# Alluring Aquatic MAC Collection



## PhonyBaloney500 (May 15, 2014)

Hey ladies    What are your picks from this collection? All the reviews I've seen so far are in lighter bloggers.....


----------



## CarmenK (May 16, 2014)

I know right I've been trying to see swatches on darker skin, really hard to find any. But when my package arrives I will be sure to provide swatches.

  I picked up Lorelei and Soul Serenede eyeshadows and 3 lippies in Goddess of the Sea, Mystical and Enchanted one. I was going to get Delphic but I highly doubt it will show up on my skintone =/

  Does anyone know if Refined golden will work for Nc45? Really wanting to pick this one up for the packaging.


----------



## deadSAVVY (May 16, 2014)

CarmenK said:


> I know right I've been trying to see swatches on darker skin, really hard to find any. But when my package arrives I will be sure to provide swatches.  I picked up Lorelei and Soul Serenede eyeshadows and 3 lippies in Goddess of the Sea, Mystical and Enchanted one. I was going to get Delphic but I highly doubt it will show up on my skintone =/  Does anyone know if Refined golden will work for Nc45? Really wanting to pick this one up for the packaging.

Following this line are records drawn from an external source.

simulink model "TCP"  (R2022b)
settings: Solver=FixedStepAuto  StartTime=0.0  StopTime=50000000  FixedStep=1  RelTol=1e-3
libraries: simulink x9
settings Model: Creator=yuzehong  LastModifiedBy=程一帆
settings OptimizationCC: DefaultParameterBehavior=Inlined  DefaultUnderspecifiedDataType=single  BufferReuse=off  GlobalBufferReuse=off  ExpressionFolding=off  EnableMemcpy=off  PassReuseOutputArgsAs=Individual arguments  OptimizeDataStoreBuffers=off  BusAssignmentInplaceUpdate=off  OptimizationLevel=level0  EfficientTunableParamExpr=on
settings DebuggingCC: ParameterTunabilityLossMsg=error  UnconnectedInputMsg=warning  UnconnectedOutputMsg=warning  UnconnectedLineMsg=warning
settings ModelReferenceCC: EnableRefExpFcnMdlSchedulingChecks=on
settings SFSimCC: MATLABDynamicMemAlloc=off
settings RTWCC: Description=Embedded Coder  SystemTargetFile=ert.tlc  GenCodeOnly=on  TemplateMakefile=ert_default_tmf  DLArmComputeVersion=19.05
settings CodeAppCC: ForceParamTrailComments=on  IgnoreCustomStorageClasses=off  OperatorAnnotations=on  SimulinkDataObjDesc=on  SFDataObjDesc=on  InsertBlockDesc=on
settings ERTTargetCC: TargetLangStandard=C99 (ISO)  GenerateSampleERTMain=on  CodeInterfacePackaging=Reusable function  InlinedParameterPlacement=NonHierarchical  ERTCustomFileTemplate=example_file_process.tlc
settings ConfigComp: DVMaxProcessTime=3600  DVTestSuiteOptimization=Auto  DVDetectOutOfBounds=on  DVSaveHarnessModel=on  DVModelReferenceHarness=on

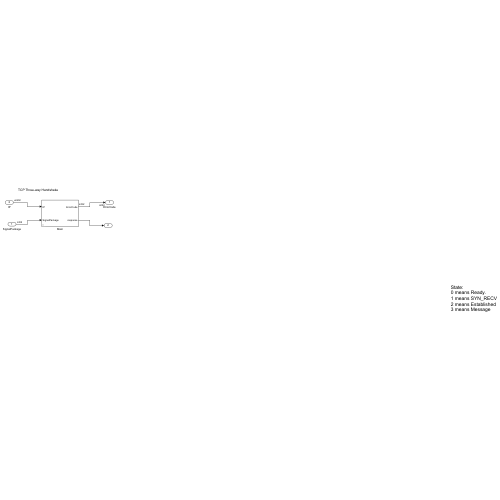
[thumbnail: Simulink's stored preview of the top-level diagram]
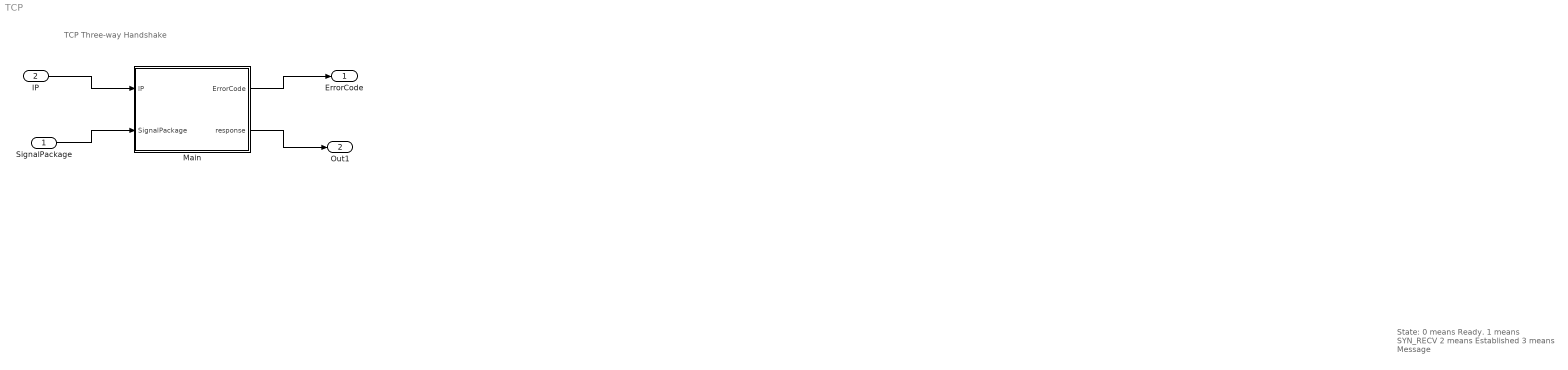
== system TCP ==
  note: TCP Three-way Handshake
  note: State:
      | 0 means Ready.
      | 1 means SYN_RECV
      | 2 means Established
      | 3 means Message
  SignalPackage : Inport  OutDataTypeStr=int32  PortDimensions=1
  IP : Inport  Port=2  OutDataTypeStr=uint32
  Main : Subsystem  mask{Len=16}
      mask DialogControl ParameterGroupVar Prompt: 参数
  ErrorCode : Outport  OutDataTypeStr=int32
  Out1 : Outport  Port=2
  wires:
  IP/1 -> Main/1(IP)
  SignalPackage/1 -> Main/2(SignalPackage)
  Main/1(ErrorCode) -> ErrorCode/1
  Main/2(response) -> Out1/1

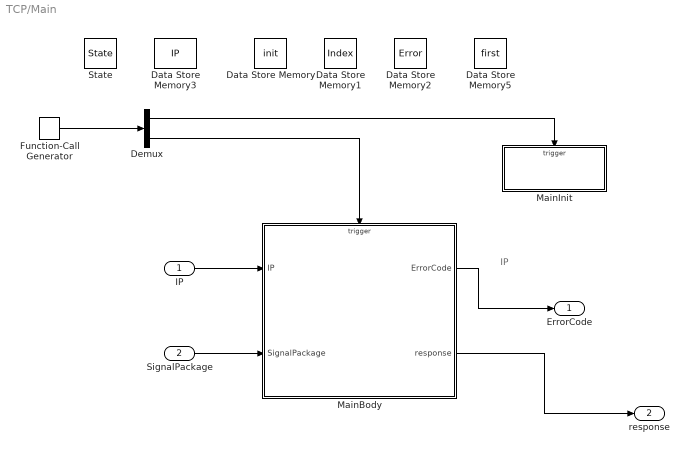
== system TCP/Main ==
  note: IP
  IP : Inport
  SignalPackage : Inport  Port=2
  Data Store Memory : DataStoreMemory  DataStoreName=init  WriteAfterWriteMsg=warning  ShowAdditionalParam=off  OutDataTypeStr=int8
  Data Store Memory1 : DataStoreMemory  DataStoreName=Index  WriteAfterWriteMsg=warning  InitialValue=-1  ShowAdditionalParam=off  OutDataTypeStr=int32
  Data Store Memory2 : DataStoreMemory  DataStoreName=Error  WriteAfterWriteMsg=warning  ShowAdditionalParam=off  OutDataTypeStr=int32
  Data Store Memory3 : DataStoreMemory  DataStoreName=IP  WriteAfterWriteMsg=warning  ShowAdditionalParam=off  OutDataTypeStr=uint32  Dimensions=Len
  Data Store Memory5 : DataStoreMemory  DataStoreName=first  WriteAfterWriteMsg=warning  ShowAdditionalParam=off  OutDataTypeStr=int32
  Demux : Demux  Outputs=2
  Function-Call Generator : simulink/Ports & Subsystems/Function-Call Generator  sample_time=1  numberOfIterations=1  DisallowWideOutput=off
  MainBody : Subsystem  TreatAsAtomicUnit=on
  MainInit : Subsystem  TreatAsAtomicUnit=on
  State : DataStoreMemory  DataStoreName=State  WriteAfterWriteMsg=warning  ShowAdditionalParam=off  OutDataTypeStr=int32  Dimensions=Len
  ErrorCode : Outport  OutDataTypeStr=int32
  response : Outport  Port=2
  wires:
  SignalPackage/1 -> MainBody/2(SignalPackage)
  Function-Call Generator/1 -> Demux/1
  Demux/1 -> MainInit/Trigger
  IP/1 -> MainBody/1(IP)
  MainBody/1(ErrorCode) -> ErrorCode/1
  Demux/2 -> MainBody/Trigger
  MainBody/2(response) -> response/1

== system TCP/Main/MainBody ==
  note: Process IP address.
  note: IP Address cannot be zero
  note: Process Data Package.
  IP : Inport
  SignalPackage : Inport  Port=2
  function : TriggerPort  TriggerType=function-call  VariantControl=(inherit)
  Process : Subsystem
  ErrorCode : Outport  OutDataTypeStr=int32
  response : Outport  Port=2
  wires:
  IP/1 -> Process/1(IP)
  SignalPackage/1 -> Process/2(SignalPackage)
  Process/1(ErrorCode) -> ErrorCode/1
  Process/2(response) -> response/1

== system TCP/Main/MainInit ==
  function : TriggerPort  TriggerType=function-call  VariantControl=(inherit)
  Data Store Read1 : DataStoreRead  DataStoreName=init  IndexOptions=Index vector (dialog)  Indices=1  OutputSizes=1
  If : If  IfExpression=u1 == 0
  If Action Subsystem : Subsystem  TreatAsAtomicUnit=on
  If Action Subsystem1 : Subsystem  TreatAsAtomicUnit=on
  wires:
  Data Store Read1/1 -> If/1
  If/1 -> If Action Subsystem/Action
  If/2 -> If Action Subsystem1/Action

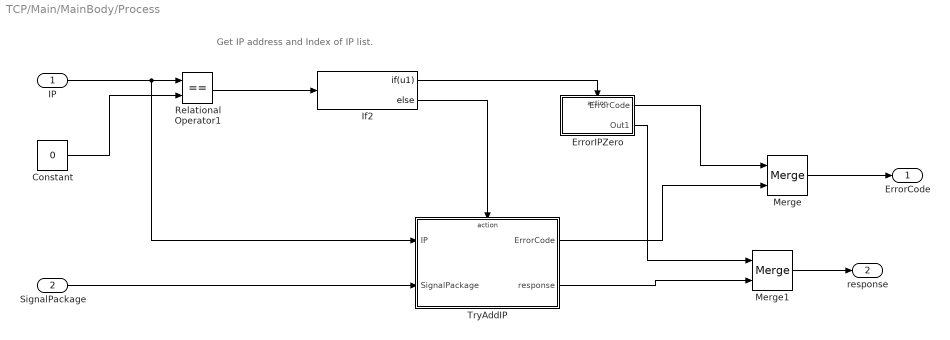
== system TCP/Main/MainBody/Process ==
  note: Get IP address and Index of IP list.
  IP : Inport
  SignalPackage : Inport  Port=2
  Constant : Constant  Value=0  OutDataTypeStr=uint32
  ErrorIPZero : Subsystem  TreatAsAtomicUnit=on
  If2 : If  IfExpression=u1
  Merge : Merge
  Merge1 : Merge
  Relational Operator1 : RelationalOperator  Operator===  OutDataTypeStr=boolean  InputSameDT=off
  TryAddIP : Subsystem  TreatAsAtomicUnit=on
  ErrorCode : Outport
  response : Outport  Port=2
  wires:
  If2/1 -> ErrorIPZero/Action
  If2/2 -> TryAddIP/Action
  Relational Operator1/1 -> If2/1
  Constant/1 -> Relational Operator1/2
  IP/1 -> TryAddIP/1(IP), Relational Operator1/1
  ErrorIPZero/1(ErrorCode) -> Merge/1
  TryAddIP/1(ErrorCode) -> Merge/2
  Merge/1 -> ErrorCode/1
  SignalPackage/1 -> TryAddIP/2(SignalPackage)
  TryAddIP/2(response) -> Merge1/2
  ErrorIPZero/2(Out1) -> Merge1/1
  Merge1/1 -> response/1

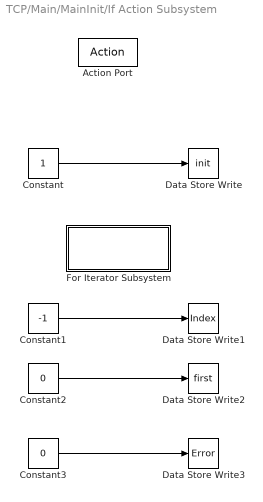
== system TCP/Main/MainInit/If Action Subsystem ==
  Action Port : ActionPort  ActionPortLabel=if(u1 == 0)
  Constant : Constant  OutDataTypeStr=int8
  Constant1 : Constant  Value=-1  OutDataTypeStr=int32
  Constant2 : Constant  Value=0  OutDataTypeStr=int32
  Constant3 : Constant  Value=0  OutDataTypeStr=int32
  Data Store Write : DataStoreWrite  DataStoreName=init  IndexOptions=Index vector (dialog)  Indices=1  OutputSizes=1
  Data Store Write1 : DataStoreWrite  DataStoreName=Index  IndexOptions=Index vector (dialog)  Indices=1  OutputSizes=1
  Data Store Write2 : DataStoreWrite  DataStoreName=first  IndexOptions=Index vector (dialog)  Indices=1  OutputSizes=1
  Data Store Write3 : DataStoreWrite  DataStoreName=Error  IndexOptions=Index vector (dialog)  Indices=1  OutputSizes=1
  For Iterator Subsystem : Subsystem  TreatAsAtomicUnit=on
  wires:
  Constant/1 -> Data Store Write/1
  Constant1/1 -> Data Store Write1/1
  Constant2/1 -> Data Store Write2/1
  Constant3/1 -> Data Store Write3/1

== system TCP/Main/MainInit/If Action Subsystem1 ==
  Action Port : ActionPort  ActionPortLabel=else
  Constant3 : Constant  Value=0  OutDataTypeStr=int32
  Data Store Write3 : DataStoreWrite  DataStoreName=Error  IndexOptions=Index vector (dialog)  Indices=1  OutputSizes=1
  wires:
  Constant3/1 -> Data Store Write3/1

== system TCP/Main/MainBody/Process/ErrorIPZero ==
  Action Port : ActionPort  ActionPortLabel=if(u1)
  Constant : Constant  OutDataTypeStr=int32
  Constant1 : Constant  OutDataTypeStr=int32
  Data Store Write : DataStoreWrite  DataStoreName=Error  IndexOptions=Index vector (dialog)  Indices=1  OutputSizes=1
  ErrorCode : Outport
  Out1 : Outport  Port=2
  wires:
  Constant/1 -> ErrorCode/1, Data Store Write/1
  Constant1/1 -> Out1/1

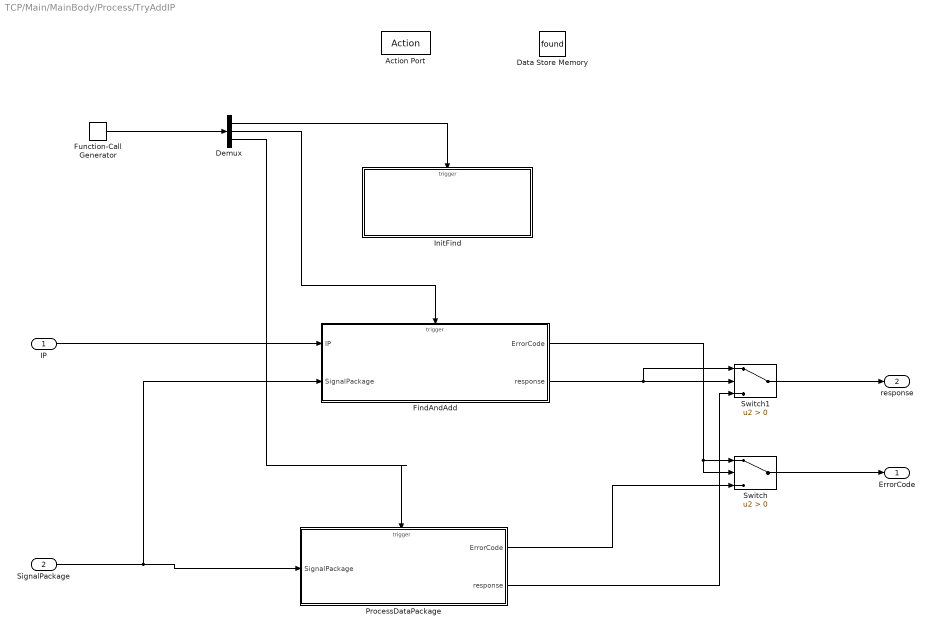
== system TCP/Main/MainBody/Process/TryAddIP ==
  IP : Inport
  SignalPackage : Inport  Port=2
  Action Port : ActionPort  ActionPortLabel=else
  Data Store Memory : DataStoreMemory  DataStoreName=found  WriteAfterWriteMsg=warning  InitialValue=-1  ShowAdditionalParam=off  OutDataTypeStr=int32
  Demux : Demux  Outputs=3
  FindAndAdd : Subsystem
  Function-Call Generator : simulink/Ports & Subsystems/Function-Call Generator  sample_time=-1  numberOfIterations=1  DisallowWideOutput=off
  InitFind : Subsystem
  ProcessDataPackage : Subsystem  TreatAsAtomicUnit=on
  Switch : Switch  Criteria=u2 > Threshold  SaturateOnIntegerOverflow=off  InputSameDT=off
  Switch1 : Switch  Criteria=u2 > Threshold  SaturateOnIntegerOverflow=off  InputSameDT=off
  ErrorCode : Outport
  response : Outport  Port=2
  wires:
  Demux/1 -> InitFind/Trigger
  IP/1 -> FindAndAdd/1(IP)
  Function-Call Generator/1 -> Demux/1
  Demux/2 -> FindAndAdd/Trigger
  SignalPackage/1 -> ProcessDataPackage/1(SignalPackage), FindAndAdd/2(SignalPackage)
  Demux/3 -> ProcessDataPackage/Trigger
  Switch/1 -> ErrorCode/1
  FindAndAdd/1(ErrorCode) -> Switch/1, Switch/2
  ProcessDataPackage/1(ErrorCode) -> Switch/3
  Switch1/1 -> response/1
  FindAndAdd/2(response) -> Switch1/1, Switch1/2
  ProcessDataPackage/2(response) -> Switch1/3

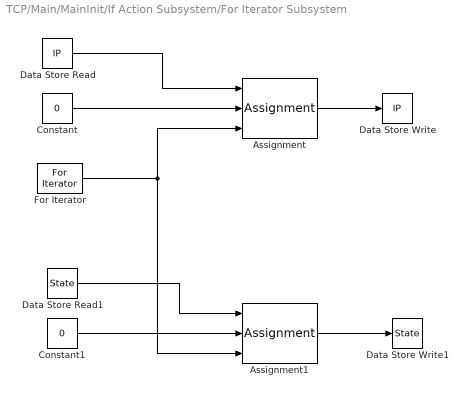
== system TCP/Main/MainInit/If Action Subsystem/For Iterator Subsystem ==
  Assignment : Assignment  IndexMode=Zero-based  DiagnosticForDimensions=Warning  IndexOptions=Index vector (port)  Indices=1  OutputSizes=1
  Assignment1 : Assignment  IndexMode=Zero-based  DiagnosticForDimensions=Warning  IndexOptions=Index vector (port)  Indices=1  OutputSizes=1
  Constant : Constant  Value=0  OutDataTypeStr=uint32
  Constant1 : Constant  Value=0  OutDataTypeStr=int32
  Data Store Read : DataStoreRead  DataStoreName=IP  IndexOptions=Index vector (dialog)  Indices=1  OutputSizes=1
  Data Store Read1 : DataStoreRead  DataStoreName=State  IndexOptions=Index vector (dialog)  Indices=1  OutputSizes=1
  Data Store Write : DataStoreWrite  DataStoreName=IP  IndexOptions=Index vector (dialog)  Indices=1  OutputSizes=1
  Data Store Write1 : DataStoreWrite  DataStoreName=State  IndexOptions=Index vector (dialog)  Indices=1  OutputSizes=1
  For Iterator : ForIterator  IterationLimit=Len  IndexMode=Zero-based
  wires:
  Data Store Read/1 -> Assignment/1
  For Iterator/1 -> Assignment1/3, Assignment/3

  I'm thinking Delphic will give a warm glow for nc45 at the least. I skipped that one for now, swatches pending!  Refined golden will definitely work on nc45!  The texture is different compared to the ED Bronzer which I think is softer. (?) Refined will deposit more color. I have and use RG enough to give validation for buying it in the pretty packaging. I say go for it!  if you don't like it, you can always depot with a different powder product!


----------



## CarmenK (May 16, 2014)

deadSAVVY said:


>


Thank you!!! Gonna order it now!


----------



## PhonyBaloney500 (May 16, 2014)

I'm sure the bronzers are a lost cause on a NC50?


----------



## MissElle12 (May 16, 2014)

There are some WOC swatches from a couple of UK specktrettes in the main AA thread....so that helped with the decision.  As for the bronzers, I tried them out in person last week--AS looked ashy on me and Delphic kinda disappeared into my skin.  I'm NW45.   Oh yea--I got SMHM, Enchanted one, and Water Deities!  I just may get an eyeshadow or two next.


----------



## kimbunney (May 16, 2014)

I picked up Refined Golden and both ED Bronzers, if anything I know AS will probably be an hightlight and I'm going to assume Delphic will look a bit similar from So Ceylon MSF on me, but we shall see.  I also picked up the 3 darker lipsticks, I am regretting not getting Pet me Please, but its whatever.   Also got the two blushes and one eyeliner...I think that was it. My package comes today I am so excited. I will try to post swatches later tonight if the package doesn't end up in my apartments office.


----------



## Ajigglin (May 16, 2014)

Did anyone get Siren Song? I made a game time decision to leave it behind.


----------



## MissElle12 (May 16, 2014)

Ajigglin said:


> Did anyone get Siren Song? I made a game time decision to leave it behind.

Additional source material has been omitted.